Convert multiple images to searchable PDF (OCR) with free command line tools
In this example, we'll show how to convert multiple PNG images to a multi page searchable PDF file. We'll use the following command line tools:
- ImageMagick for converting PNGs into multi page TIFF and PDF files.
- Tesseract OCR, an open source OCR engine.
- PDFtk Free for overlay joining of PDF files.
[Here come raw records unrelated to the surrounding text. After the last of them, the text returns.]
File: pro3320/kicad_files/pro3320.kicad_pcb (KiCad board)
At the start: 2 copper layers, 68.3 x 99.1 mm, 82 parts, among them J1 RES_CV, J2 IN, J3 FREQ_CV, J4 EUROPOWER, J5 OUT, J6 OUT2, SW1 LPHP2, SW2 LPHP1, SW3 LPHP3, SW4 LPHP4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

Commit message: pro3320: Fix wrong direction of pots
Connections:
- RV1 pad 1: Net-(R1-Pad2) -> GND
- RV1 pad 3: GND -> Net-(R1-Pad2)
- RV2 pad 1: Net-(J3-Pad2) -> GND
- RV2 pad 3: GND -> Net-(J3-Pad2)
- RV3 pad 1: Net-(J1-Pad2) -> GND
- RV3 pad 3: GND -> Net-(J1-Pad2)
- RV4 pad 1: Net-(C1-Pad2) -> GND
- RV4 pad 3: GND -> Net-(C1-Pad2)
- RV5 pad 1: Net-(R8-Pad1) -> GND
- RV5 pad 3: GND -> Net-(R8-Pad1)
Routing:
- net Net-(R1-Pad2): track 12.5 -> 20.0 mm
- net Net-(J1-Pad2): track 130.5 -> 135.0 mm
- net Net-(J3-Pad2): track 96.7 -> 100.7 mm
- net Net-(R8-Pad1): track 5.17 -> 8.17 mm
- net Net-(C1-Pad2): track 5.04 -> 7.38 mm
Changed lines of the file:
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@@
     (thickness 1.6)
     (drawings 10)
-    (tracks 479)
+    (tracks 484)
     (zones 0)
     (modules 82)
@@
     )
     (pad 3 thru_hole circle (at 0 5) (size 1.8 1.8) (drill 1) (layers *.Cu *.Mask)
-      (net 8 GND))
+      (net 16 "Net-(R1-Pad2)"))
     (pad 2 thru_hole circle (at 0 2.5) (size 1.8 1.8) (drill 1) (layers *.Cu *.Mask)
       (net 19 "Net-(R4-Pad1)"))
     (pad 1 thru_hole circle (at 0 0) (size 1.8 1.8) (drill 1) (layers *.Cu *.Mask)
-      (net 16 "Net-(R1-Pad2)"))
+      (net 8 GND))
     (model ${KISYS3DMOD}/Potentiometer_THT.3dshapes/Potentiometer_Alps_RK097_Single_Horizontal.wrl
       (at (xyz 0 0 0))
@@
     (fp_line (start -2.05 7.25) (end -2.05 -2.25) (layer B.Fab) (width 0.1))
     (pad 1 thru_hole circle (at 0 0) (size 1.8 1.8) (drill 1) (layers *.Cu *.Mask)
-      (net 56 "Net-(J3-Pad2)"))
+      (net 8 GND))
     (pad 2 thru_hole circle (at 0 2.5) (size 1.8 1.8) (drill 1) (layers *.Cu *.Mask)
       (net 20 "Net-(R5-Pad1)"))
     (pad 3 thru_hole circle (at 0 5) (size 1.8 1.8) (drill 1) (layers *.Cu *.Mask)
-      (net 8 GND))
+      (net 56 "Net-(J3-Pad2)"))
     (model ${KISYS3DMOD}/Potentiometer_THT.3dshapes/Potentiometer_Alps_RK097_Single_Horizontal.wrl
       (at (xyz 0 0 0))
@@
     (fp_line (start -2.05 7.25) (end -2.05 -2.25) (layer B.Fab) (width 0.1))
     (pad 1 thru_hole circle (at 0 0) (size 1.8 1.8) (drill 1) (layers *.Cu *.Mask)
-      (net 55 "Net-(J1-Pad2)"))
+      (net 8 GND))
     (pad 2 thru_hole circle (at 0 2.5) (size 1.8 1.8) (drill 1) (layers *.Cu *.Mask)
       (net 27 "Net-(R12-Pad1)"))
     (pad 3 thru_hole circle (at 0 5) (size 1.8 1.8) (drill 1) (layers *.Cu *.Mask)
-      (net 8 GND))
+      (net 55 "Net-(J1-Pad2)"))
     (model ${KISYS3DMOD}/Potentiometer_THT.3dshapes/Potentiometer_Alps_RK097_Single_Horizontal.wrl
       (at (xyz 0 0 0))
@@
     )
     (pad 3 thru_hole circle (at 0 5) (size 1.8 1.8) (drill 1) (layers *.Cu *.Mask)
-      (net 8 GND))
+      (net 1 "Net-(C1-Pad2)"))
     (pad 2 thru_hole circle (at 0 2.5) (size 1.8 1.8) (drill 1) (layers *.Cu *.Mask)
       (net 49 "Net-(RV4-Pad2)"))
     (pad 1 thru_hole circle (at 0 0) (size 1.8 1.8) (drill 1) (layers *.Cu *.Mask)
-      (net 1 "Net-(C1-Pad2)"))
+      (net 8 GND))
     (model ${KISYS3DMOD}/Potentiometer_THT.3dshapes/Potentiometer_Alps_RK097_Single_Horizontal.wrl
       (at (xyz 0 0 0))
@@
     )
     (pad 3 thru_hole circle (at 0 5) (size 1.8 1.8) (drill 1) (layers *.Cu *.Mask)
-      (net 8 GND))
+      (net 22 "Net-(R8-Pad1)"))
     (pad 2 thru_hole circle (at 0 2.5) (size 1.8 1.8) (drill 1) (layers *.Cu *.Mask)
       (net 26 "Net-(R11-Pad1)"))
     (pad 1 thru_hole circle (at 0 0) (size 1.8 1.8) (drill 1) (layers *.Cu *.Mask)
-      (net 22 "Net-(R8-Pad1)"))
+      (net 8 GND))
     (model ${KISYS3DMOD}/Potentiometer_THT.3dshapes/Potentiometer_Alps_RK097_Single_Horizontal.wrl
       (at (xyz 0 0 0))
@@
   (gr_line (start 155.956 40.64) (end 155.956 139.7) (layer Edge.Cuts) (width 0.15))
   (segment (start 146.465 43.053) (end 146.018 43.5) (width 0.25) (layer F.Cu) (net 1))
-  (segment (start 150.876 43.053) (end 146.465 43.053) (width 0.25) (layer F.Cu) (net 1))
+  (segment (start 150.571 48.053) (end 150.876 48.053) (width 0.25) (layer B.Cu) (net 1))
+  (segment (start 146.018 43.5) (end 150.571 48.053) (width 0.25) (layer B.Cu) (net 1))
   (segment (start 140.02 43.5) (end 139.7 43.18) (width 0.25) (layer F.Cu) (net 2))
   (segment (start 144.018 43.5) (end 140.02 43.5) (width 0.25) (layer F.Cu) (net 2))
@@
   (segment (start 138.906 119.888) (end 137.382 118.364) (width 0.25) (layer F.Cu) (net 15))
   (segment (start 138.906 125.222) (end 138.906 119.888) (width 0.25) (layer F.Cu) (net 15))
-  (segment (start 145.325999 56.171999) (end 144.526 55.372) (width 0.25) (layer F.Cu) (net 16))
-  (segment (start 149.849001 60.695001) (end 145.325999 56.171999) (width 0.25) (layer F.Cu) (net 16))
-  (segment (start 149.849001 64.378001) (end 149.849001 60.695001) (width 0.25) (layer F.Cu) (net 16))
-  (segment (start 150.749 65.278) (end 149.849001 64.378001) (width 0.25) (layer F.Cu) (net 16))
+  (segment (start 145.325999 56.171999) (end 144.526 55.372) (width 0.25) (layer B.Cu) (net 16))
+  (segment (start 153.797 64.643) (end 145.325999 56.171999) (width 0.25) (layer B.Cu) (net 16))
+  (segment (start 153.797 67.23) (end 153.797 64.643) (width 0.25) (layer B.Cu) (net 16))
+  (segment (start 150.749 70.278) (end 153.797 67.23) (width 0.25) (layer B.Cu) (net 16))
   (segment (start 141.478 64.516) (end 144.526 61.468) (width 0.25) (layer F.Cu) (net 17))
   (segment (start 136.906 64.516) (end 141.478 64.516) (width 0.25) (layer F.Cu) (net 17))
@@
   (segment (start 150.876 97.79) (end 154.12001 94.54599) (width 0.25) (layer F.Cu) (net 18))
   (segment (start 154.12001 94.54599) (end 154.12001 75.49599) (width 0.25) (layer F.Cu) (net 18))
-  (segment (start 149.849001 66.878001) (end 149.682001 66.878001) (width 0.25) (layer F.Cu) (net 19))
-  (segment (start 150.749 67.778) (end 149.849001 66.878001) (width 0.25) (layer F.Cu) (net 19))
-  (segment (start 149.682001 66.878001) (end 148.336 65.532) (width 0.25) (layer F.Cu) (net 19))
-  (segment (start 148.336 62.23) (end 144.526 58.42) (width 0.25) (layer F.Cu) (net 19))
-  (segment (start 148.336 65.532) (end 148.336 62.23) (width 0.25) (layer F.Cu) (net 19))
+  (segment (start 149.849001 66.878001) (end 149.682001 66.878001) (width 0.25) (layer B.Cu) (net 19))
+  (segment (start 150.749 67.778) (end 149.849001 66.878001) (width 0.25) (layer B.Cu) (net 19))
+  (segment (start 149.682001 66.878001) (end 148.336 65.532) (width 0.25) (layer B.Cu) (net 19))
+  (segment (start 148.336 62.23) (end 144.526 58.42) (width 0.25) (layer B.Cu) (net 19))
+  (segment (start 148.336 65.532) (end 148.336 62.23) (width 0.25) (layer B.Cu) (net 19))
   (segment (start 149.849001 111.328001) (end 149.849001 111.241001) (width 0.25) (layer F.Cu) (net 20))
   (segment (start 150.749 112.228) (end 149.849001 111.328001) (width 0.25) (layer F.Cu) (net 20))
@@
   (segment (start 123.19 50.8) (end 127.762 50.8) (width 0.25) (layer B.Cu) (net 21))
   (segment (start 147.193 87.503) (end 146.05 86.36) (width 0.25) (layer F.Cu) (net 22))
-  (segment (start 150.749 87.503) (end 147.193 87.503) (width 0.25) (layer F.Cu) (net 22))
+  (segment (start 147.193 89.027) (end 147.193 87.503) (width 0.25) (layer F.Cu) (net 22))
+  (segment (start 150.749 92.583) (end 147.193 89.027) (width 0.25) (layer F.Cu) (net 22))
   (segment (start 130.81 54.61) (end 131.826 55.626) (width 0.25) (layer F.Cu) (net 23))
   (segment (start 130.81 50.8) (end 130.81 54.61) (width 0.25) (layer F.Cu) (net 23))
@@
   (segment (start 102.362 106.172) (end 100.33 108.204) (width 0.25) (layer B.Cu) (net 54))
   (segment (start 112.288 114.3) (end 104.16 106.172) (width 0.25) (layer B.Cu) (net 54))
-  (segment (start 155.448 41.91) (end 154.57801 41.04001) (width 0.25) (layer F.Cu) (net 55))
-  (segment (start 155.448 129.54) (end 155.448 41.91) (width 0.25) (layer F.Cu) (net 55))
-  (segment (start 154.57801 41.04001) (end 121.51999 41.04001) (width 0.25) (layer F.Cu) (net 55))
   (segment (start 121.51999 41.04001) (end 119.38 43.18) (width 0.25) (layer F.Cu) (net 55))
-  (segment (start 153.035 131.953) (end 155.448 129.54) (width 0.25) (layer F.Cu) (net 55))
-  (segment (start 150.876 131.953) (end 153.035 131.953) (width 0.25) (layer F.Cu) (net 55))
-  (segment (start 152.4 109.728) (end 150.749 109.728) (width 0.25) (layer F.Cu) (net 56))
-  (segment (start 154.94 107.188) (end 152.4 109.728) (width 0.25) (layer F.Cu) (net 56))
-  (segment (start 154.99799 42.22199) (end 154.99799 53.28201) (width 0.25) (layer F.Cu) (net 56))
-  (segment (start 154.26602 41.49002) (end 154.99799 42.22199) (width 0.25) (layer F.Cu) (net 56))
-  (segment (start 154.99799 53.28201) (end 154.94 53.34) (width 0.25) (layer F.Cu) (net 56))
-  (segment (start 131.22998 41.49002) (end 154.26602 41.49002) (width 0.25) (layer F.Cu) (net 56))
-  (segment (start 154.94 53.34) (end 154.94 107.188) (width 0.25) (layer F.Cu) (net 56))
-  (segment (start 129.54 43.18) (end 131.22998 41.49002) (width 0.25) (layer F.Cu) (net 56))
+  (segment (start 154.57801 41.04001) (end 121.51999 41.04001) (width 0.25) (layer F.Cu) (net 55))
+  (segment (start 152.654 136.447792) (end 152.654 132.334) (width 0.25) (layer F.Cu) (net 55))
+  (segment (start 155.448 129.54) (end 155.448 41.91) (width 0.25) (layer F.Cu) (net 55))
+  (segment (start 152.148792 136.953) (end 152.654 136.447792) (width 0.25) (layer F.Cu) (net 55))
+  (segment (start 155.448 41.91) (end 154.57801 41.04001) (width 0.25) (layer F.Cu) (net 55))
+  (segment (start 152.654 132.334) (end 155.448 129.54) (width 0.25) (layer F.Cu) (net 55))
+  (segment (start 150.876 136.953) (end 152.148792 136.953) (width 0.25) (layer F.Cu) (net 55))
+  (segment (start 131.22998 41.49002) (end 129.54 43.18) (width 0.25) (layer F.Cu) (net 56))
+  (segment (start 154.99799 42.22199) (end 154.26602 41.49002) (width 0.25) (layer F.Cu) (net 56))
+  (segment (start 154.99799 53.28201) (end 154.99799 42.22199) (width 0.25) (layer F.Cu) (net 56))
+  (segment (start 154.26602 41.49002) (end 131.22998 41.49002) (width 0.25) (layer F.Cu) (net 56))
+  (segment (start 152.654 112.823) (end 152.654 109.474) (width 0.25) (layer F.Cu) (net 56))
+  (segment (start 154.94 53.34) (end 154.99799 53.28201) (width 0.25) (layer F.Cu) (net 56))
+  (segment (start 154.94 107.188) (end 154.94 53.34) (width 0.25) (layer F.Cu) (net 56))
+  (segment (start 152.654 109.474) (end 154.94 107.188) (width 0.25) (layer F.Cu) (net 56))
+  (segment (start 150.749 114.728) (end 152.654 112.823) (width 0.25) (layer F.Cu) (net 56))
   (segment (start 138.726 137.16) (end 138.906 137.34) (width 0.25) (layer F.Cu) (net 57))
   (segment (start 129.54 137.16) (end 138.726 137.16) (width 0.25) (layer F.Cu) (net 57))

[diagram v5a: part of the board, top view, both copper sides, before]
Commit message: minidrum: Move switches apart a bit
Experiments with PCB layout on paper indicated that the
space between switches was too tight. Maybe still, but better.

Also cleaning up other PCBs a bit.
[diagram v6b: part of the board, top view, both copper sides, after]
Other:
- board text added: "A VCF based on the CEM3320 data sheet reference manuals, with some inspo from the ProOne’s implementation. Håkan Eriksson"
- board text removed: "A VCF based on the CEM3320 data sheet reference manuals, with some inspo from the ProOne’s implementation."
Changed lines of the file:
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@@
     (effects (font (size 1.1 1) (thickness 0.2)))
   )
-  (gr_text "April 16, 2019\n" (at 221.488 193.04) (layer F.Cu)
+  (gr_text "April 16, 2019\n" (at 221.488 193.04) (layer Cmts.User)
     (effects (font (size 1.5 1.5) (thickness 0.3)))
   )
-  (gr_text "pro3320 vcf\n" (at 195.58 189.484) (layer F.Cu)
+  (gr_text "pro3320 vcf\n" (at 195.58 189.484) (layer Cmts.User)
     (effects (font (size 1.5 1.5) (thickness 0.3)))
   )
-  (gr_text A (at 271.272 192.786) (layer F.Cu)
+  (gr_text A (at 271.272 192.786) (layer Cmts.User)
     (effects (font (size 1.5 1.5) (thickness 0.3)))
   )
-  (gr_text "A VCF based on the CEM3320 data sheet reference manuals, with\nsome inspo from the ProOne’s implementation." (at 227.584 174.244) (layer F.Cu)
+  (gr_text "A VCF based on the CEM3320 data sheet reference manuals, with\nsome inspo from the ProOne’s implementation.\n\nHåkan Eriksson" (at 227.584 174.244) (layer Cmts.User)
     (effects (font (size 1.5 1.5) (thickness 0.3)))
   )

Assume we have multiple PNG files sorted in order
image01.png
image02.png
image03.png
image04.png
image05.png
Convert the images to images.tiff
and images.pdf
. The files may need rotating (-rotate
) or trimming (-shave
).
magick convert -rotate 270 -shave 0x410 *.png images.tiff
magick convert images.tiff images.pdf
Here, we are creating both images.tiff
and images.pdf
. The reason we're doing both is because tesseract reads TIFF images. The conversion of these images should be lossless, but you may want to just double check it is indeed and check for compression artifacts.
Read the images.tiff
file in English and produce a seperate text only PDF text.pdf
using Tesseract OCR
tesseract images.tiff text -l eng -c textonly_pdf=1 pdf
The combine both PDF files images.pdf
and text.pdf
one on top of another using PDFtk, generating a new file full.pdf
pdftk text.pdf multibackground images.pdf output full.pdf
The file full.pdf
should now be a PDF file with searchable text.